Stored entries:
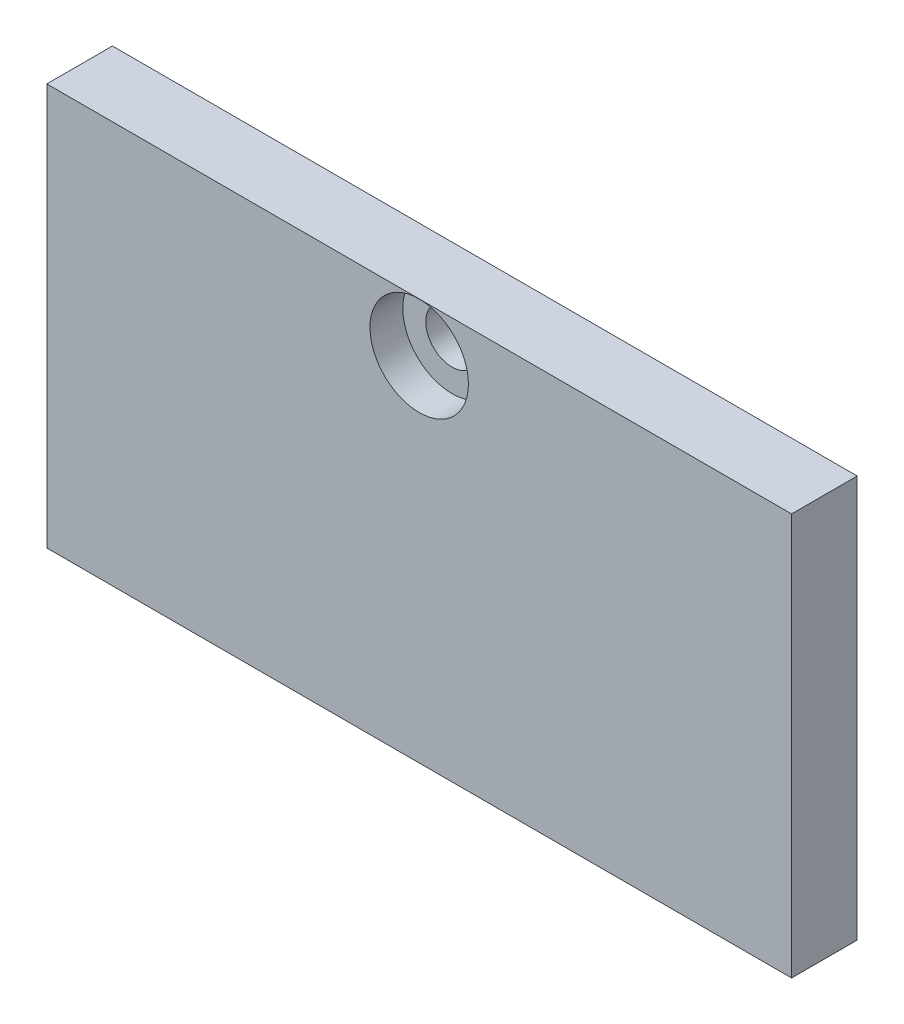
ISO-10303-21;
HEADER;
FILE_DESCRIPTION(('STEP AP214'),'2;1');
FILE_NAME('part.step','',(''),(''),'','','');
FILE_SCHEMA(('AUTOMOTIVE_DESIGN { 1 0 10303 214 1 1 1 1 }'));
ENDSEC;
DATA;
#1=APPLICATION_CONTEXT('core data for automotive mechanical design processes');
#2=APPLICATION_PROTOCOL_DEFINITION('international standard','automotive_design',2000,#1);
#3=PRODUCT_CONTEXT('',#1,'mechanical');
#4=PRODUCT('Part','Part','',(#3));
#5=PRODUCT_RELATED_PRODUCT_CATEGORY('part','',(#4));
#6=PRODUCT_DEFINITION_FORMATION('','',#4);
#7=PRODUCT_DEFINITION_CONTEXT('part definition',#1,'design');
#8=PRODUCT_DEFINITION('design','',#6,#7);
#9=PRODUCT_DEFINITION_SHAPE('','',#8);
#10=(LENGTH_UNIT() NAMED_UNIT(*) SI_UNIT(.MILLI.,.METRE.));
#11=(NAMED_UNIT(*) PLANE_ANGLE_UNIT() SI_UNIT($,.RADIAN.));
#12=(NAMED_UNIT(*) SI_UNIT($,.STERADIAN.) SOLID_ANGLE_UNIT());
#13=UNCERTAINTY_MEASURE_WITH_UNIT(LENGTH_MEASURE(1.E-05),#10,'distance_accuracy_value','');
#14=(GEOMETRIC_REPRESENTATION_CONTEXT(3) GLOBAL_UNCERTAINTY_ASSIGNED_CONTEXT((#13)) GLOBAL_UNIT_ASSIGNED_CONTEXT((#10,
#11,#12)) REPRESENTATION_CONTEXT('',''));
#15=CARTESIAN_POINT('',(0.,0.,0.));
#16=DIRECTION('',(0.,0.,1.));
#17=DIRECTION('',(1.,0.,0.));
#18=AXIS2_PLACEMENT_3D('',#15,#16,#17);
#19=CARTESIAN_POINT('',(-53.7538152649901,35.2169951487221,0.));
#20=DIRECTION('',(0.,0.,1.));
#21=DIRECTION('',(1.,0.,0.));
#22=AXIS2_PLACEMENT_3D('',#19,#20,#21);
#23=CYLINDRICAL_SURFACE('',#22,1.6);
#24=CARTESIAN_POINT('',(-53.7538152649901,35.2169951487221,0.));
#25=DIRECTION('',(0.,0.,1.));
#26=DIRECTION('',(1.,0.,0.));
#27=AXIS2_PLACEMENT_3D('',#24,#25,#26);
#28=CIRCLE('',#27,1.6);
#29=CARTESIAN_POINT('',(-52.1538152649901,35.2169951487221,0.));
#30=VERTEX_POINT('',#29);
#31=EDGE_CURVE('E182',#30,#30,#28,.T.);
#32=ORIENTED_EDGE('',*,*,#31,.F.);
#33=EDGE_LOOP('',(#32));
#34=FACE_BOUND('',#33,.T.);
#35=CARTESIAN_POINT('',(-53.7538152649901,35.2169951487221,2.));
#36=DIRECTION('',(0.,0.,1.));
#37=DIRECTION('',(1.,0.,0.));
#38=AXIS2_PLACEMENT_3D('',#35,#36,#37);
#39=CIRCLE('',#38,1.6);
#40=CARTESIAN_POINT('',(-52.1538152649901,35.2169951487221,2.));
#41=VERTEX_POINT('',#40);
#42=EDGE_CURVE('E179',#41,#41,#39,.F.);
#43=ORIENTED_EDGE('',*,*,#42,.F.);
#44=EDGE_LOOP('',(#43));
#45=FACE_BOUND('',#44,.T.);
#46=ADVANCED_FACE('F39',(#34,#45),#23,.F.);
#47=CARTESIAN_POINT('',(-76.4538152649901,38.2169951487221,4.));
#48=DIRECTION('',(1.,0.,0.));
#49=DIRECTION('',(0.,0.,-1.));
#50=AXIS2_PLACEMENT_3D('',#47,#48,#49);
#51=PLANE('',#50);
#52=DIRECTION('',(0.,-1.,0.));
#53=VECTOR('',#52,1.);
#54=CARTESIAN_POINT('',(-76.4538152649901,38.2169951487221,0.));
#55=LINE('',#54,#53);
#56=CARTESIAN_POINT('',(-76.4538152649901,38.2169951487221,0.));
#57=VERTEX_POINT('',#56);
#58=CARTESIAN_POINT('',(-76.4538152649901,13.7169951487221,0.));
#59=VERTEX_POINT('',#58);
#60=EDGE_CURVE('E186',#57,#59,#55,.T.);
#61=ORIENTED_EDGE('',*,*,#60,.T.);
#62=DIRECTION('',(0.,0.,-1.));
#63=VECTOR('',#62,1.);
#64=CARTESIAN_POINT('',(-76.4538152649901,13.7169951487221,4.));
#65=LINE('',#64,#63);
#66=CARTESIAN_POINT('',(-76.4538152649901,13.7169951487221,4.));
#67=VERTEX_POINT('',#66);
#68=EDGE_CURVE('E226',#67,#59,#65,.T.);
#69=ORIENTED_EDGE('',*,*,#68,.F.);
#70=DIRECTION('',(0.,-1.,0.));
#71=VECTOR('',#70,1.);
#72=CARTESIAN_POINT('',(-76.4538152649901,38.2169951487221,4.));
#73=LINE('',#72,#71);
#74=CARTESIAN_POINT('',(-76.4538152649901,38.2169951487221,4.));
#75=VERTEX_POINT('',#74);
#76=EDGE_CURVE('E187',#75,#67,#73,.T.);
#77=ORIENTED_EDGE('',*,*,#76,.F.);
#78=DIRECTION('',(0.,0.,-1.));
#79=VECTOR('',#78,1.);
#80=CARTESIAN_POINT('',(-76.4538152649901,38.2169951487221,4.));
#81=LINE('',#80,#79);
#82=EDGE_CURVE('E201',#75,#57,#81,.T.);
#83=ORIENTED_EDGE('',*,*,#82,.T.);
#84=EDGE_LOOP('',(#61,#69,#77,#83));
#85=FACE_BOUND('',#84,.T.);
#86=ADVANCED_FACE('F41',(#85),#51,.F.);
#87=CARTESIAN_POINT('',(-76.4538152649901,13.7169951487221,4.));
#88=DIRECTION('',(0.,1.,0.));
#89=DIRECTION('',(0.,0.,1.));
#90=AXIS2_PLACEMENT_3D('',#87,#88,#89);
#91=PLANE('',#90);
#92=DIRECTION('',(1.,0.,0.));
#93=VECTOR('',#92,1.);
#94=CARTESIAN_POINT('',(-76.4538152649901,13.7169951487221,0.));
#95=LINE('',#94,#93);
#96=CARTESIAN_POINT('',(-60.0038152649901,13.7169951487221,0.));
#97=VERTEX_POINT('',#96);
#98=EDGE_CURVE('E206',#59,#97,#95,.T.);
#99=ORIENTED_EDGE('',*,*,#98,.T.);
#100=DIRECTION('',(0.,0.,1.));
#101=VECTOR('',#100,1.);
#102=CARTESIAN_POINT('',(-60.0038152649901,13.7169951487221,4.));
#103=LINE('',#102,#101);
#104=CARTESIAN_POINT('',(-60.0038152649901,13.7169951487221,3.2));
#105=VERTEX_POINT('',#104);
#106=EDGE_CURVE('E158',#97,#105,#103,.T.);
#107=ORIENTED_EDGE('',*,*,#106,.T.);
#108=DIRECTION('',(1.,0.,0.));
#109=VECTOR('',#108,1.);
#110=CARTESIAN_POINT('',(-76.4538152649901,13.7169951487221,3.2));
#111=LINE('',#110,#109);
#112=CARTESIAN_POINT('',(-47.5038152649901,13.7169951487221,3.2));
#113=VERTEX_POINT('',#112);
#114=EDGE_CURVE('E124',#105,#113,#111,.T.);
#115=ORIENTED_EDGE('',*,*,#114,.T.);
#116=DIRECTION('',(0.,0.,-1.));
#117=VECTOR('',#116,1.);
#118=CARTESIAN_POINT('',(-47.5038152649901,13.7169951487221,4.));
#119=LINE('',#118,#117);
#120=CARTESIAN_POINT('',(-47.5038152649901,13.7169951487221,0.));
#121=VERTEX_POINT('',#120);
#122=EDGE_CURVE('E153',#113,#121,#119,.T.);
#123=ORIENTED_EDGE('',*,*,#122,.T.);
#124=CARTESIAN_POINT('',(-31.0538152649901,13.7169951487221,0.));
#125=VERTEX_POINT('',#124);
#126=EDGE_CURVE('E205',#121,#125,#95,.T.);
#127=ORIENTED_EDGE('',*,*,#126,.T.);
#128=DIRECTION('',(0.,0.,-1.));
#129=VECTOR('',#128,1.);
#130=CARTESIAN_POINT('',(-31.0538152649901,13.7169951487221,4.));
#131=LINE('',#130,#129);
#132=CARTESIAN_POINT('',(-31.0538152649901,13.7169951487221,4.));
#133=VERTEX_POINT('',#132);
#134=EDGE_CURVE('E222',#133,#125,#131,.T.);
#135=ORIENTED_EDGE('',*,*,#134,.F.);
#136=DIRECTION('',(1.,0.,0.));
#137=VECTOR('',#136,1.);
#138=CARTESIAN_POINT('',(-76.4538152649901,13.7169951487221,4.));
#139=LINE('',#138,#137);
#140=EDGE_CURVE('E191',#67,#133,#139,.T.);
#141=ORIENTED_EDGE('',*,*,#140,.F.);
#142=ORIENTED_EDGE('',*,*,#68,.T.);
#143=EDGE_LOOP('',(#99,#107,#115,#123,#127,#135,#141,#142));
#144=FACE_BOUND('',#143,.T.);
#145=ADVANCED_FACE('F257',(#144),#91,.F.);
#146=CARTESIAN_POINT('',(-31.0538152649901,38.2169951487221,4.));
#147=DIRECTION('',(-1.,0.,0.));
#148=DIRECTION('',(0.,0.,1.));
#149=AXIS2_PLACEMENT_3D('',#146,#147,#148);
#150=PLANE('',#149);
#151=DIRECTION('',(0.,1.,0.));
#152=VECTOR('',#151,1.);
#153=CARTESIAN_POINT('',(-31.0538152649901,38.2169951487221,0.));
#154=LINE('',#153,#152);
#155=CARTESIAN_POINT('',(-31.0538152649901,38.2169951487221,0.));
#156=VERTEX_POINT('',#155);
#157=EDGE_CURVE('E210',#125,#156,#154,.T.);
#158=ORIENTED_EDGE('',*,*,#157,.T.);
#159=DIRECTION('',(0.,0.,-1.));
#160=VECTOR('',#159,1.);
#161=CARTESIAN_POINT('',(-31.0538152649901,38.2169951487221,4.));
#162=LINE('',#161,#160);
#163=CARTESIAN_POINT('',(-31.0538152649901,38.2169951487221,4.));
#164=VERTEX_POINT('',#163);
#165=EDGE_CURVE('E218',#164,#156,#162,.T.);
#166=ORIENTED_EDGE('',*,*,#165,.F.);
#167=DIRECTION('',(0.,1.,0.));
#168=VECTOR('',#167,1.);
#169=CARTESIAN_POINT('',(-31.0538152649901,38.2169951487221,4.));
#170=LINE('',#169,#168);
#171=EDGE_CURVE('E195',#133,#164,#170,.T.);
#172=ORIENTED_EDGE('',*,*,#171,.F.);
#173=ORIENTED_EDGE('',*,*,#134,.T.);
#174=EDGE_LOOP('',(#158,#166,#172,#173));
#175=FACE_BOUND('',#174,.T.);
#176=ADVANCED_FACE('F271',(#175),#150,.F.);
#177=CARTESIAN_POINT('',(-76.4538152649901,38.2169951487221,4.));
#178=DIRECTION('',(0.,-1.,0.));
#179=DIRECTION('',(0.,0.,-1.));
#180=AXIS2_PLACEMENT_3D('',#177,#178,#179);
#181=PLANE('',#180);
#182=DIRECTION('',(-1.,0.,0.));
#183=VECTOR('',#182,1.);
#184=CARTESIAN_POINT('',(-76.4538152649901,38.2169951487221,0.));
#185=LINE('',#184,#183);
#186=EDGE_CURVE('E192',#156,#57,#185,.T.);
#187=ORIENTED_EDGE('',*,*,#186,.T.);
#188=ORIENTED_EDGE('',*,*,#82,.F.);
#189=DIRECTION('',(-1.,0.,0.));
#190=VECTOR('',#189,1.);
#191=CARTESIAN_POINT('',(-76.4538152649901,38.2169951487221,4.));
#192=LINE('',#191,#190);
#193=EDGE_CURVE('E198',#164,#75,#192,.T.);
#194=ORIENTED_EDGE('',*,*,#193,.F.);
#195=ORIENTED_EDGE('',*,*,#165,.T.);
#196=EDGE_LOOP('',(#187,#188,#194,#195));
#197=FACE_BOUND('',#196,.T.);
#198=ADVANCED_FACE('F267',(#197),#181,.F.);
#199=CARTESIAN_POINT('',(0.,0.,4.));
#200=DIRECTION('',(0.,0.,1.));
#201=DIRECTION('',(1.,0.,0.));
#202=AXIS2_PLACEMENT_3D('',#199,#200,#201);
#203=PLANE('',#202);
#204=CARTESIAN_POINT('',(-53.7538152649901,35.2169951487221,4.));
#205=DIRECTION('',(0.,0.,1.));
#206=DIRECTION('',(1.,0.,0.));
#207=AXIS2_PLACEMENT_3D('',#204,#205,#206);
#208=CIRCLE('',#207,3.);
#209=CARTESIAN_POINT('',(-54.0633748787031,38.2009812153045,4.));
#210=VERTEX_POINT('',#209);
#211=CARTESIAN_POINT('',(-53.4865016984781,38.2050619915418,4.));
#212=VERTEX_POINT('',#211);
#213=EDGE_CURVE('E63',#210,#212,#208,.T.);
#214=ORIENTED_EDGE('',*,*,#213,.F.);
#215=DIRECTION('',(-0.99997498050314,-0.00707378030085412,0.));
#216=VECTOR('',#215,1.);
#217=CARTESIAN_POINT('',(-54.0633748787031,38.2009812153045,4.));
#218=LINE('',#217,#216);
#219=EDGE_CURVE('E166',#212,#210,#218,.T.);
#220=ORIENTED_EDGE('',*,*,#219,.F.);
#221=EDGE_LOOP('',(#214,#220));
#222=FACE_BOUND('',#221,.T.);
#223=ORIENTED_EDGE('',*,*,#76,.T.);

• [Task brief]:
When you reach the line holding "#50=AXIS2_PLACEMENT_3D('',#47,#48,#49);" in the records above, begin reproducing exactly, stop after the line holding "#105=VERTEX_POINT('',#104);", and output nothing else.

• [Your response]:
#50=AXIS2_PLACEMENT_3D('',#47,#48,#49);
#51=PLANE('',#50);
#52=DIRECTION('',(0.,-1.,0.));
#53=VECTOR('',#52,1.);
#54=CARTESIAN_POINT('',(-76.4538152649901,38.2169951487221,0.));
#55=LINE('',#54,#53);
#56=CARTESIAN_POINT('',(-76.4538152649901,38.2169951487221,0.));
#57=VERTEX_POINT('',#56);
#58=CARTESIAN_POINT('',(-76.4538152649901,13.7169951487221,0.));
#59=VERTEX_POINT('',#58);
#60=EDGE_CURVE('E186',#57,#59,#55,.T.);
#61=ORIENTED_EDGE('',*,*,#60,.T.);
#62=DIRECTION('',(0.,0.,-1.));
#63=VECTOR('',#62,1.);
#64=CARTESIAN_POINT('',(-76.4538152649901,13.7169951487221,4.));
#65=LINE('',#64,#63);
#66=CARTESIAN_POINT('',(-76.4538152649901,13.7169951487221,4.));
#67=VERTEX_POINT('',#66);
#68=EDGE_CURVE('E226',#67,#59,#65,.T.);
#69=ORIENTED_EDGE('',*,*,#68,.F.);
#70=DIRECTION('',(0.,-1.,0.));
#71=VECTOR('',#70,1.);
#72=CARTESIAN_POINT('',(-76.4538152649901,38.2169951487221,4.));
#73=LINE('',#72,#71);
#74=CARTESIAN_POINT('',(-76.4538152649901,38.2169951487221,4.));
#75=VERTEX_POINT('',#74);
#76=EDGE_CURVE('E187',#75,#67,#73,.T.);
#77=ORIENTED_EDGE('',*,*,#76,.F.);
#78=DIRECTION('',(0.,0.,-1.));
#79=VECTOR('',#78,1.);
#80=CARTESIAN_POINT('',(-76.4538152649901,38.2169951487221,4.));
#81=LINE('',#80,#79);
#82=EDGE_CURVE('E201',#75,#57,#81,.T.);
#83=ORIENTED_EDGE('',*,*,#82,.T.);
#84=EDGE_LOOP('',(#61,#69,#77,#83));
#85=FACE_BOUND('',#84,.T.);
#86=ADVANCED_FACE('F41',(#85),#51,.F.);
#87=CARTESIAN_POINT('',(-76.4538152649901,13.7169951487221,4.));
#88=DIRECTION('',(0.,1.,0.));
#89=DIRECTION('',(0.,0.,1.));
#90=AXIS2_PLACEMENT_3D('',#87,#88,#89);
#91=PLANE('',#90);
#92=DIRECTION('',(1.,0.,0.));
#93=VECTOR('',#92,1.);
#94=CARTESIAN_POINT('',(-76.4538152649901,13.7169951487221,0.));
#95=LINE('',#94,#93);
#96=CARTESIAN_POINT('',(-60.0038152649901,13.7169951487221,0.));
#97=VERTEX_POINT('',#96);
#98=EDGE_CURVE('E206',#59,#97,#95,.T.);
#99=ORIENTED_EDGE('',*,*,#98,.T.);
#100=DIRECTION('',(0.,0.,1.));
#101=VECTOR('',#100,1.);
#102=CARTESIAN_POINT('',(-60.0038152649901,13.7169951487221,4.));
#103=LINE('',#102,#101);
#104=CARTESIAN_POINT('',(-60.0038152649901,13.7169951487221,3.2));
#105=VERTEX_POINT('',#104);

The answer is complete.